# Grenson's Triple Welt



## ricardofrancisco (Jan 1, 2013)

I just saw these new Triple Welt shoes from Grenson on facebook. The soles looked extremely thick and wide to me. I know we all like welted shoes but would you say this is overkill?

Here is the photo from the facebook page of Grenson.


----------



## eagle2250 (Mar 24, 2006)

To my eye, it's overkill, but with all that build out of the welt, they might make a good substitute for a snowshoe! Sure could have used a good pair of snowshoes last winter. :crazy:


----------



## Flanderian (Apr 30, 2008)

Everything old is new again!









The cartoon that launched a footwear fashion.


----------



## gaseousclay (Nov 8, 2009)

ricardofrancisco said:


> I just saw these new Triple Welt shoes from Grenson on facebook. The soles looked extremely thick and wide to me. I know we all like welted shoes but would you say this is overkill?
> 
> Here is the photo from the facebook page of Grenson.


Reminds me of rows of shark's teeth

Sent from my iPhone using Tapatalk


----------



## Langham (Nov 7, 2012)

I have a liking for brogues, but to some extent most seem rather over-engineered for their purpose - these take things to a new level.


----------



## ricardofrancisco (Jan 1, 2013)

Flanderian said:


> Everything old is new again!
> 
> View attachment 11862
> 
> ...


Did they have something like this triple welt shoe before?


----------



## style417 (Jun 28, 2014)

Looking at that close-up made them seem like they were too thick and wide, but looking at a wider shot of the "Fred" boots on the Grenson site, they seem better balanced.



EDIT: I was looking at Grenson's web site; there's a lot of shoes I could wear. Just what I needed! LOL


----------



## Flanderian (Apr 30, 2008)

ricardofrancisco said:


> Did they have something like this triple welt shoe before?


Yes, as a product of Crumb's cartoons, footwear in the 70's actually developed a bulbous toe, often combined with an elevated heel. It was ubiquitous among contemporary men's footwear.


----------



## maximar (Jan 11, 2010)

I saw a picture of Nick Wooster getting a PTB triple welt in white. I asked myself, why?
Now that I see the wingtip boot I kinda get it. These the perfect pair for hipster lumberjacks who never chopped trees in their life.


----------



## Ekphrastic (Oct 4, 2009)

Thing is, I find boots like these too dressy to wear with jeans, but they're too casual to wear with trousers. Someone could probably pull it off, but I've got really narrow feet--which makes shoes look sleeker (i.e. more formal)--and I'm not the guy to try.


----------



## Youthful Repp-robate (Sep 26, 2011)

Ekphrastic said:


> Thing is, I find boots like these too dressy to wear with jeans, but they're too casual to wear with trousers. Someone could probably pull it off, but I've got really narrow feet--which makes shoes look sleeker (i.e. more formal)--and I'm not the guy to try.

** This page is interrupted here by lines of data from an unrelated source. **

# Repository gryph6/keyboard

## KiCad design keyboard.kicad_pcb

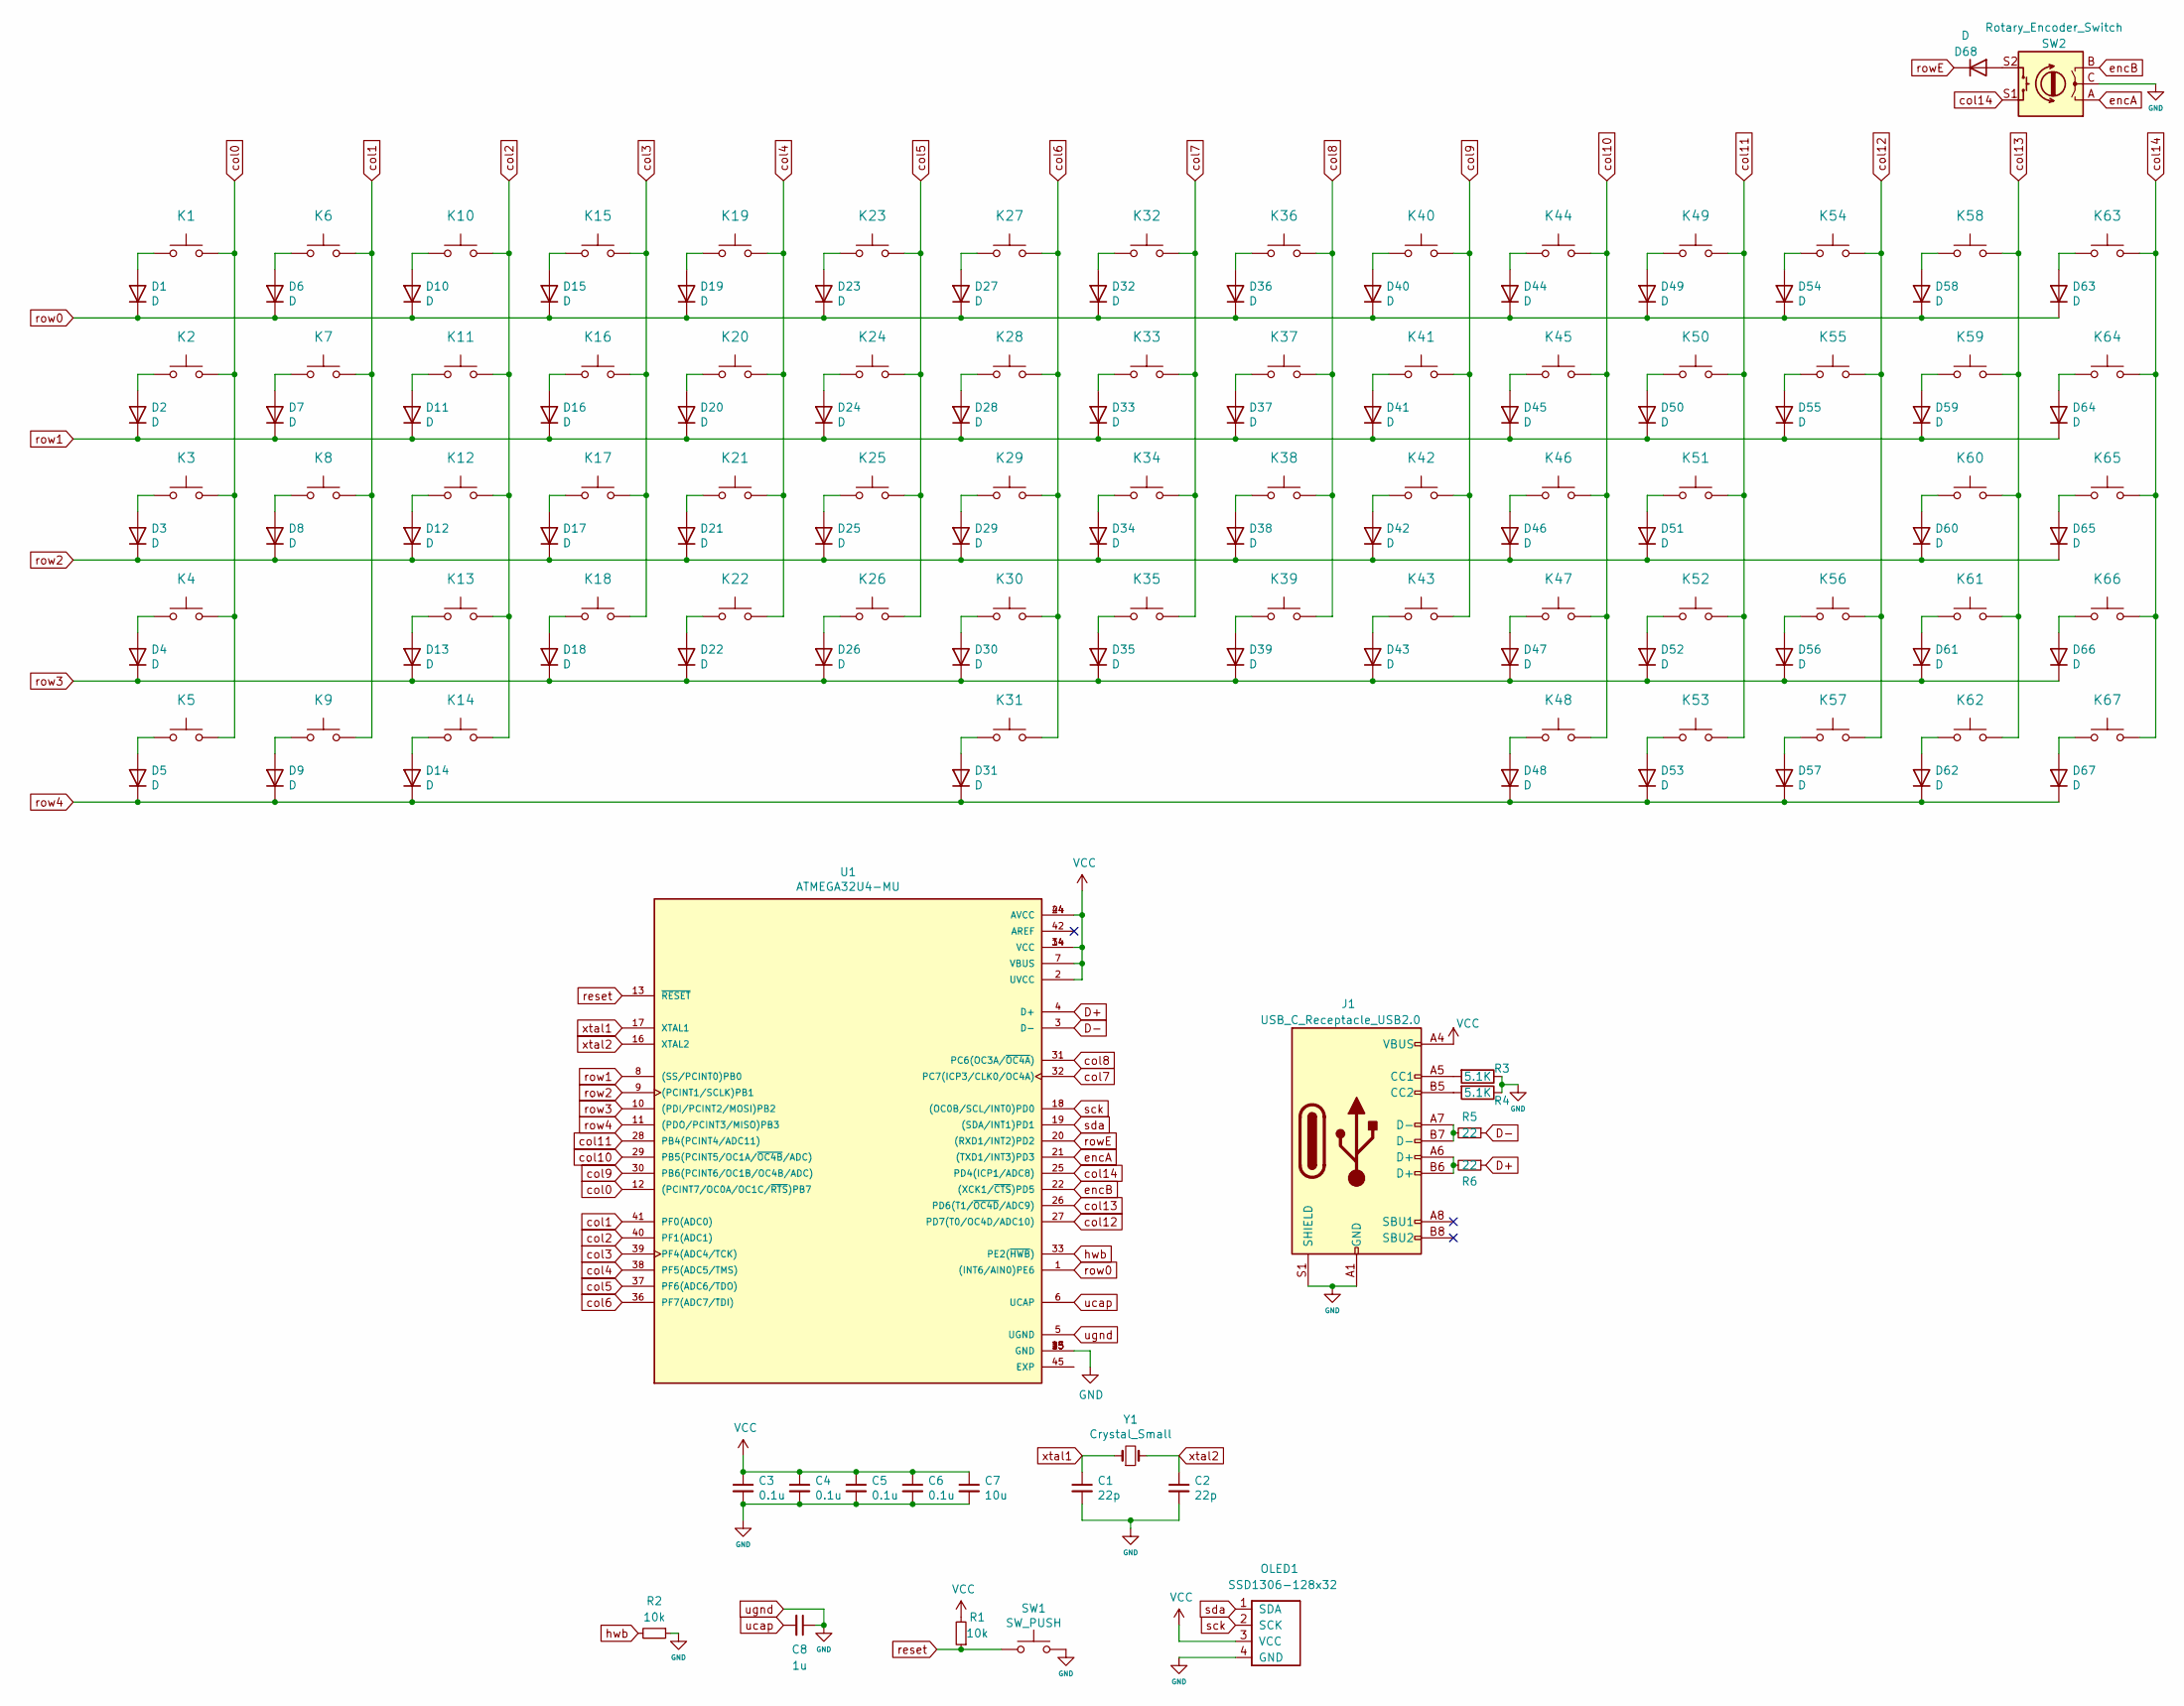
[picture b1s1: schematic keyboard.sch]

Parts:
C1, C2: 22p; C_0603_1608Metric
C3, C4, C5, C6: 0.1u; C_0603_1608Metric
C7: 10u; C_0603_1608Metric
C8: 1u; C_0603_1608Metric
D1, D2, D3, D4, D5, D6, D7, D8, D9, D10, D11, D12, D13, D14, D15, D16, D17, D18, D19, D20, D21, D22, D23, D24, D25, D26, D27, D28, D29, D30, D31, D32, D33, D34, D35, D36, D37, D38, D39, D40, D41, D42, D43, D44, D45, D46, D47, D48, D49, D50, D51, D52, D53, D54, D55, D56, D57, D58, D59, D60, D61, D62, D63, D64, D65, D66, D67, D68: D; D_SOD-323
J1: USB_C_Receptacle_USB2.0; USB_C_Receptacle_Amphenol_12401610E4-2A
K1, K6, K7, K8, K10, K11, K12, K13, K15, K16, K17, K18, K19, K20, K21, K22, K23, K24, K25, K26, K27, K28, K29, K30, K32, K33, K34, K35, K36, K37, K38, K39, K40, K41, K42, K43, K44, K45, K46, K47, K49, K50, K51, K52, K54, K55, K57, K61, K62, K63, K64, K65, K66, K67: KEYSW; SW_Cherry_MX_1.00u_PCB
K2, K59: KEYSW; SW_Cherry_MX_1.50u_PCB
K3, K56: KEYSW; SW_Cherry_MX_1.75u_PCB
K4, K60: KEYSW; SW_Cherry_MX_2.25u_PCB
K5, K9, K14, K48, K53: KEYSW; SW_Cherry_MX_1.25u_PCB
K31: KEYSW; SW_Cherry_MX_6.25u_PCB
K58: KEYSW; SW_Cherry_MX_2.00u_PCB
OLED1: SSD1306-128x32; OLED-SSD1306
R1, R2: 10k; R_0603_1608Metric
R3, R4: 5.1K; R_0603_1608Metric
R5, R6: 22; R_0603_1608Metric
SW1: SW_PUSH; SW_PUSH_6mm
SW2: Rotary_Encoder_Switch; RotaryEncoder_Alps_EC11E-Switch_Vertical_H20mm
U1: ATMEGA32U4-MU; QFN50P700X700X100-45N; PARTREV E
Y1: Crystal_Small; Crystal_SMD_3225-4Pin_3.2x2.5mm

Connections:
D+: R6.1, U1.4 (D+)
D-: R5.1, U1.3 (D-)
unnamed: D1.2 (A), K1.1
unnamed: D2.2 (A), K2.1
unnamed: D3.2 (A), K3.1
unnamed: D4.2 (A), K4.1
unnamed: D5.2 (A), K5.1
unnamed: D6.2 (A), K6.1
unnamed: D7.2 (A), K7.1
unnamed: D8.2 (A), K8.1
unnamed: D9.2 (A), K9.1
unnamed: D10.2 (A), K10.1
unnamed: D11.2 (A), K11.1
unnamed: D12.2 (A), K12.1
unnamed: D13.2 (A), K13.1
unnamed: D14.2 (A), K14.1
unnamed: D15.2 (A), K15.1
unnamed: D16.2 (A), K16.1
unnamed: D17.2 (A), K17.1
unnamed: D18.2 (A), K18.1
unnamed: D19.2 (A), K19.1
unnamed: D20.2 (A), K20.1
unnamed: D21.2 (A), K21.1
unnamed: D22.2 (A), K22.1
unnamed: D23.2 (A), K23.1
unnamed: D24.2 (A), K24.1
unnamed: D25.2 (A), K25.1
unnamed: D26.2 (A), K26.1
unnamed: D27.2 (A), K27.1
unnamed: D28.2 (A), K28.1
unnamed: D29.2 (A), K29.1
unnamed: D30.2 (A), K30.1
unnamed: D31.2 (A), K31.1
unnamed: D32.2 (A), K32.1
unnamed: D33.2 (A), K33.1
unnamed: D34.2 (A), K34.1
unnamed: D35.2 (A), K35.1
unnamed: D36.2 (A), K36.1
unnamed: D37.2 (A), K37.1
unnamed: D38.2 (A), K38.1
unnamed: D39.2 (A), K39.1
unnamed: D40.2 (A), K40.1
unnamed: D41.2 (A), K41.1
unnamed: D42.2 (A), K42.1
unnamed: D43.2 (A), K43.1
unnamed: D44.2 (A), K44.1
unnamed: D45.2 (A), K45.1
unnamed: D46.2 (A), K46.1
unnamed: D47.2 (A), K47.1
unnamed: D48.2 (A), K48.1
unnamed: D49.2 (A), K49.1
unnamed: D50.2 (A), K50.1
unnamed: D51.2 (A), K51.1
unnamed: D52.2 (A), K52.1
unnamed: D53.2 (A), K53.1
unnamed: D54.2 (A), K54.1
unnamed: D55.2 (A), K55.1
unnamed: D56.2 (A), K56.1
unnamed: D57.2 (A), K57.1
unnamed: D58.2 (A), K58.1
unnamed: D59.2 (A), K59.1
unnamed: D60.2 (A), K60.1
unnamed: D61.2 (A), K61.1
unnamed: D62.2 (A), K62.1
unnamed: D63.2 (A), K63.1
unnamed: D64.2 (A), K64.1
unnamed: D65.2 (A), K65.1
unnamed: D66.2 (A), K66.1
unnamed: D67.2 (A), K67.1
unnamed: D68.2 (A), SW2.S2
unnamed: J1.A5 (CC1), R3.2
unnamed: J1.A6 (D+), J1.B6 (D+), R6.2
unnamed: J1.A7 (D-), J1.B7 (D-), R5.2
unnamed: J1.B5 (CC2), R4.2
VCC: C3.1, C4.1, C5.1, C6.1, C7.1, J1.A4 (VBUS), J1.A9 (VBUS), J1.B4 (VBUS), J1.B9 (VBUS), OLED1.3 (VCC), R1.2, U1.2 (UVCC), U1.7 (VBUS), U1.14 (VCC), U1.24 (AVCC), U1.34 (VCC), U1.44 (AVCC)
col0: K1.2, K2.2, K3.2, K4.2, K5.2, U1.12 ((PCINT7/OC0A/OC1C/~RTS~)PB7)
col1: K6.2, K7.2, K8.2, K9.2, U1.41 (PF0(ADC0))
col2: K10.2, K11.2, K12.2, K13.2, K14.2, U1.40 (PF1(ADC1))
col3: K15.2, K16.2, K17.2, K18.2, U1.39 (PF4(ADC4/TCK))
col4: K19.2, K20.2, K21.2, K22.2, U1.38 (PF5(ADC5/TMS))
col5: K23.2, K24.2, K25.2, K26.2, U1.37 (PF6(ADC6/TDO))
col6: K27.2, K28.2, K29.2, K30.2, K31.2, U1.36 (PF7(ADC7/TDI))
col7: K32.2, K33.2, K34.2, K35.2, U1.32 (PC7(ICP3/CLK0/OC4A))
col8: K36.2, K37.2, K38.2, K39.2, U1.31 (PC6(OC3A/~OC4A~))
col9: K40.2, K41.2, K42.2, K43.2, U1.30 (PB6(PCINT6/OC1B/OC4B/ADC))
col10: K44.2, K45.2, K46.2, K47.2, K48.2, U1.29 (PB5(PCINT5/OC1A/~OC4B~/ADC))
col11: K49.2, K50.2, K51.2, K52.2, K53.2, U1.28 (PB4(PCINT4/ADC11))
col12: K54.2, K55.2, K56.2, K57.2, U1.27 (PD7(T0/OC4D/ADC10))
col13: K58.2, K59.2, K60.2, K61.2, K62.2, U1.26 (PD6(T1/~OC4D~/ADC9))
col14: K63.2, K64.2, K65.2, K66.2, K67.2, SW2.S1, U1.25 (PD4(ICP1/ADC8))
encA: SW2.A, U1.21 ((TXD1/INT3)PD3)
encB: SW2.B, U1.22 ((XCK1/~CTS~)PD5)
hwb: R2.2, U1.33 (PE2(~HWB~))
reset: R1.1, SW1.1, U1.13 (~RESET~)
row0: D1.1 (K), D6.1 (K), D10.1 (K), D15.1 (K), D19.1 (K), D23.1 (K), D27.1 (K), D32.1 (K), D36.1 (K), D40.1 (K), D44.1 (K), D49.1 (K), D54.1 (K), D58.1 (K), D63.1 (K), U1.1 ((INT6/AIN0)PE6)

Depends on the trousers, I think. Cord, moleskin, cav twill, thicker flannels? No trouble. Anything that "delicate" or "fine" apply to? I wouldn't say so.

That said, the pair of Grenson boots I tried at Paul Stuart were too chunky for me -- moreso than the AE gunboats I got instead.


----------



## ricardofrancisco (Jan 1, 2013)

maximar said:


> I saw a picture of Nick Wooster getting a PTB triple welt in white. I asked myself, why?
> Now that I see the wingtip boot I kinda get it. These the perfect pair for hipster lumberjacks who never chopped trees in their life.


A hipster would probably say " I stopped chopping trees before it became cool." :crazy:


----------



## style417 (Jun 28, 2014)

I've always been a boot kind of person; call it a character flaw. 



Youthful Repp-robate said:


> Depends on the trousers, I think. Cord, moleskin, cav twill, thicker flannels? No trouble. Anything that "delicate" or "fine" apply to? I wouldn't say so.


I agree; I have a pair of AE Daltons in chili, and a Long Branch in grey. The Daltons have paired nicely with some warm grey cords I have. I have also worn them with a warm grey suit to a casual backyard wedding, partly because I wanted the extra ankle support in this backyard (a couple of ladies rolled ankles there), and also I love the chili color on these boots. I had quite a few complements!

The LB get more use during winters here (lots of ice, snow and salt) where the rubber sole is a plus. They also pair nicely with cords, and I used them as my primary walking shoe when were were in Paris two Christmases ago. I also just used them paired with red laces as my graduation shoes; I recently finished my Masters, and the school colors are crimson and grey, so they were perfect for that too!


----------



## Doctor Damage (Feb 18, 2005)

JM Weston has been selling a triple soled brogue (#590) for a long time.

https://postimg.org/image/efpf1lq45/

Dack's, a now defunct Canadian shoe manufacturer, used to do triple soles back in the 1980s. I remember seeing a pair in a thrift store once and they were damned thick.

By contrast, Grenson's are triple welts, not necessarily triple soles, and their soles seem rather thin like Alden's do sometimes. They really should be thicker soles to match up with the chunks welts, etc.


----------